## What the exercise asks
Go through the entries below and print each one exactly, leaving out pictures.

Items listed in a dataset

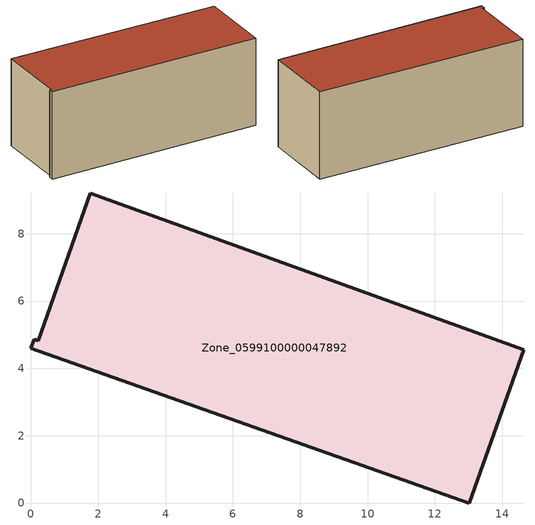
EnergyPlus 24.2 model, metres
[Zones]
Zone_0599100000047892
 floor ground (C_G): 1.76,9.21 14.64,4.55 13.02,0 0,4.6 0.09,4.86 0.22,4.81 z0.49
 wall outside (C_F): 13.02,0 14.64,4.55 1.76,9.21 0.22,4.81 0.09,4.86 0,4.6 13.02,0 z0.49:6.21
 roof outside (C_R): 14.64,4.55 1.76,9.21 0.22,4.81 0.09,4.86 0,4.6 13.02,0 z6.21
[BUILDING]
Pand.0599100000047892: North Axis=0; Terrain=City; Loads Convergence Tolerance Value=0.04; Temperature Convergence Tolerance Value=0.4; Solar Distribution=FullExterior; Maximum Number of Warmup Days=25; Minimum Number of Warmup Days=1
[Site:Location]
Rotterdam.The.Hague.AP_ZH_NLD Design_Conditions: Latitude=51.96; Longitude=4.45; Time Zone=1; Elevation=-4.5
[SITE:GROUNDTEMPERATURE:BUILDINGSURFACE]
18, 18, 18, 18, 18, 18, 18, 18, 18, 18, 18, 18
[MATERIAL] Thermal Absorptance=0.9; Solar Absorptance=0.7; Visible Absorptance=0.7
Name | Roughness | Thickness | Conductivity | Density | Specific Heat
G.TC.1965-1974 | MediumSmooth | 0.15 | 0.882353 | 540 | 1210
F.TC.1965-1974 | Rough | 0.3 | 0.697674 | 1920 | 840
R.TC.1965-1974 | MediumRough | 0.2 | 0.232558 | 1500 | 1000
[CONSTRUCTION]
C_G: G.TC.1965-1974
C_F: F.TC.1965-1974
C_R: R.TC.1965-1974
[ZONE]
Zone_0599100000047892: Type=1; Multiplier=1; Ceiling Height=Autocalculate; Volume=Autocalculate; Floor Area=autocalculate; Part of Total Floor Area=Yes
[ZONEINFILTRATION:DESIGNFLOWRATE]
Infil_Zone_0599100000047892: Zone or ZoneList or Space or SpaceList=Zone_0599100000047892; Schedule=AlwaysOn; Design Flow Rate Calculation Method=Flow/Area; Flow Rate per Floor Area=0.003; Constant Term Coefficient=1; Temperature Term Coefficient=0; Velocity Term Coefficient=0; Velocity Squared Term Coefficient=0
[HVACTEMPLATE:ZONE:IDEALLOADSAIRSYSTEM]
Zone_0599100000047892: Maximum Heating Supply Air Temperature=50; Minimum Cooling Supply Air Temperature=13; Maximum Heating Supply Air Humidity Ratio=0.0156; Minimum Cooling Supply Air Humidity Ratio=0.0077; Heating Limit=NoLimit; Cooling Limit=NoLimit; Dehumidification Control Type=ConstantSensibleHeatRatio; Cooling Sensible Heat Ratio=0.7; Dehumidification Setpoint=60; Humidification Control Type=None; Humidification Setpoint=30; Outdoor Air Method=None; Outdoor Air Flow Rate per Person=0.00944; Outdoor Air Flow Rate per Zone Floor Area=0; Outdoor Air Flow Rate per Zone=0; Demand Controlled Ventilation Type=None; Outdoor Air Economizer Type=NoEconomizer; Heat Recovery Type=None; Sensible Heat Recovery Effectiveness=0.7; Latent Heat Recovery Effectiveness=0.65
[ZONECONTROL:THERMOSTAT]
ThermostatControl_Zone_0599100000047892: Zone or ZoneList=Zone_0599100000047892; Control Type Schedule=DualSetpointControlType; Control 1=Thermostat_Zone_0599100000047892; Temperature Difference Between Cutout And Setpoint=0
[THERMOSTATSETPOINT:DUALSETPOINT]
Thermostat_Zone_0599100000047892: Heating Setpoint Temperature Schedule=HeatingSetpoint_Zone_0599100000047892; Cooling Setpoint Temperature Schedule=CoolingSetpoint_Zone_0599100000047892
[SCHEDULE:COMPACT]
HeatingSetpoint_Zone_0599100000047892: Through: 12/31, For: AllDays, Until: 24:00, 21
CoolingSetpoint_Zone_0599100000047892: Through: 12/31, For: AllDays, Until: 24:00, 24
DualSetpointControlType: Through: 12/31, For: AllDays, Until: 24:00, 4
AlwaysOn: Through: 12/31, For: AllDays, Until: 24:00, 1

## Exercise result
EnergyPlus 24.2 model, metres
[Zones]
Zone_0599100000047892
 floor ground (C_G): 1.76,9.21 14.64,4.55 13.02,0 0,4.6 0.09,4.86 0.22,4.81 z0.49
 wall outside (C_F): 13.02,0 14.64,4.55 1.76,9.21 0.22,4.81 0.09,4.86 0,4.6 13.02,0 z0.49:6.21
 roof outside (C_R): 14.64,4.55 1.76,9.21 0.22,4.81 0.09,4.86 0,4.6 13.02,0 z6.21
[BUILDING]
Pand.0599100000047892: North Axis=0; Terrain=City; Loads Convergence Tolerance Value=0.04; Temperature Convergence Tolerance Value=0.4; Solar Distribution=FullExterior; Maximum Number of Warmup Days=25; Minimum Number of Warmup Days=1
[Site:Location]
Rotterdam.The.Hague.AP_ZH_NLD Design_Conditions: Latitude=51.96; Longitude=4.45; Time Zone=1; Elevation=-4.5
[SITE:GROUNDTEMPERATURE:BUILDINGSURFACE]
18, 18, 18, 18, 18, 18, 18, 18, 18, 18, 18, 18
[MATERIAL] Thermal Absorptance=0.9; Solar Absorptance=0.7; Visible Absorptance=0.7
Name | Roughness | Thickness | Conductivity | Density | Specific Heat
G.TC.1965-1974 | MediumSmooth | 0.15 | 0.882353 | 540 | 1210
F.TC.1965-1974 | Rough | 0.3 | 0.697674 | 1920 | 840
R.TC.1965-1974 | MediumRough | 0.2 | 0.232558 | 1500 | 1000
[CONSTRUCTION]
C_G: G.TC.1965-1974
C_F: F.TC.1965-1974
C_R: R.TC.1965-1974
[ZONE]
Zone_0599100000047892: Type=1; Multiplier=1; Ceiling Height=Autocalculate; Volume=Autocalculate; Floor Area=autocalculate; Part of Total Floor Area=Yes
[ZONEINFILTRATION:DESIGNFLOWRATE]
Infil_Zone_0599100000047892: Zone or ZoneList or Space or SpaceList=Zone_0599100000047892; Schedule=AlwaysOn; Design Flow Rate Calculation Method=Flow/Area; Flow Rate per Floor Area=0.003; Constant Term Coefficient=1; Temperature Term Coefficient=0; Velocity Term Coefficient=0; Velocity Squared Term Coefficient=0
[HVACTEMPLATE:ZONE:IDEALLOADSAIRSYSTEM]
Zone_0599100000047892: Maximum Heating Supply Air Temperature=50; Minimum Cooling Supply Air Temperature=13; Maximum Heating Supply Air Humidity Ratio=0.0156; Minimum Cooling Supply Air Humidity Ratio=0.0077; Heating Limit=NoLimit; Cooling Limit=NoLimit; Dehumidification Control Type=ConstantSensibleHeatRatio; Cooling Sensible Heat Ratio=0.7; Dehumidification Setpoint=60; Humidification Control Type=None; Humidification Setpoint=30; Outdoor Air Method=None; Outdoor Air Flow Rate per Person=0.00944; Outdoor Air Flow Rate per Zone Floor Area=0; Outdoor Air Flow Rate per Zone=0; Demand Controlled Ventilation Type=None; Outdoor Air Economizer Type=NoEconomizer; Heat Recovery Type=None; Sensible Heat Recovery Effectiveness=0.7; Latent Heat Recovery Effectiveness=0.65
[ZONECONTROL:THERMOSTAT]
ThermostatControl_Zone_0599100000047892: Zone or ZoneList=Zone_0599100000047892; Control Type Schedule=DualSetpointControlType; Control 1=Thermostat_Zone_0599100000047892; Temperature Difference Between Cutout And Setpoint=0
[THERMOSTATSETPOINT:DUALSETPOINT]
Thermostat_Zone_0599100000047892: Heating Setpoint Temperature Schedule=HeatingSetpoint_Zone_0599100000047892; Cooling Setpoint Temperature Schedule=CoolingSetpoint_Zone_0599100000047892
[SCHEDULE:COMPACT]
HeatingSetpoint_Zone_0599100000047892: Through: 12/31, For: AllDays, Until: 24:00, 21
CoolingSetpoint_Zone_0599100000047892: Through: 12/31, For: AllDays, Until: 24:00, 24
DualSetpointControlType: Through: 12/31, For: AllDays, Until: 24:00, 4
AlwaysOn: Through: 12/31, For: AllDays, Until: 24:00, 1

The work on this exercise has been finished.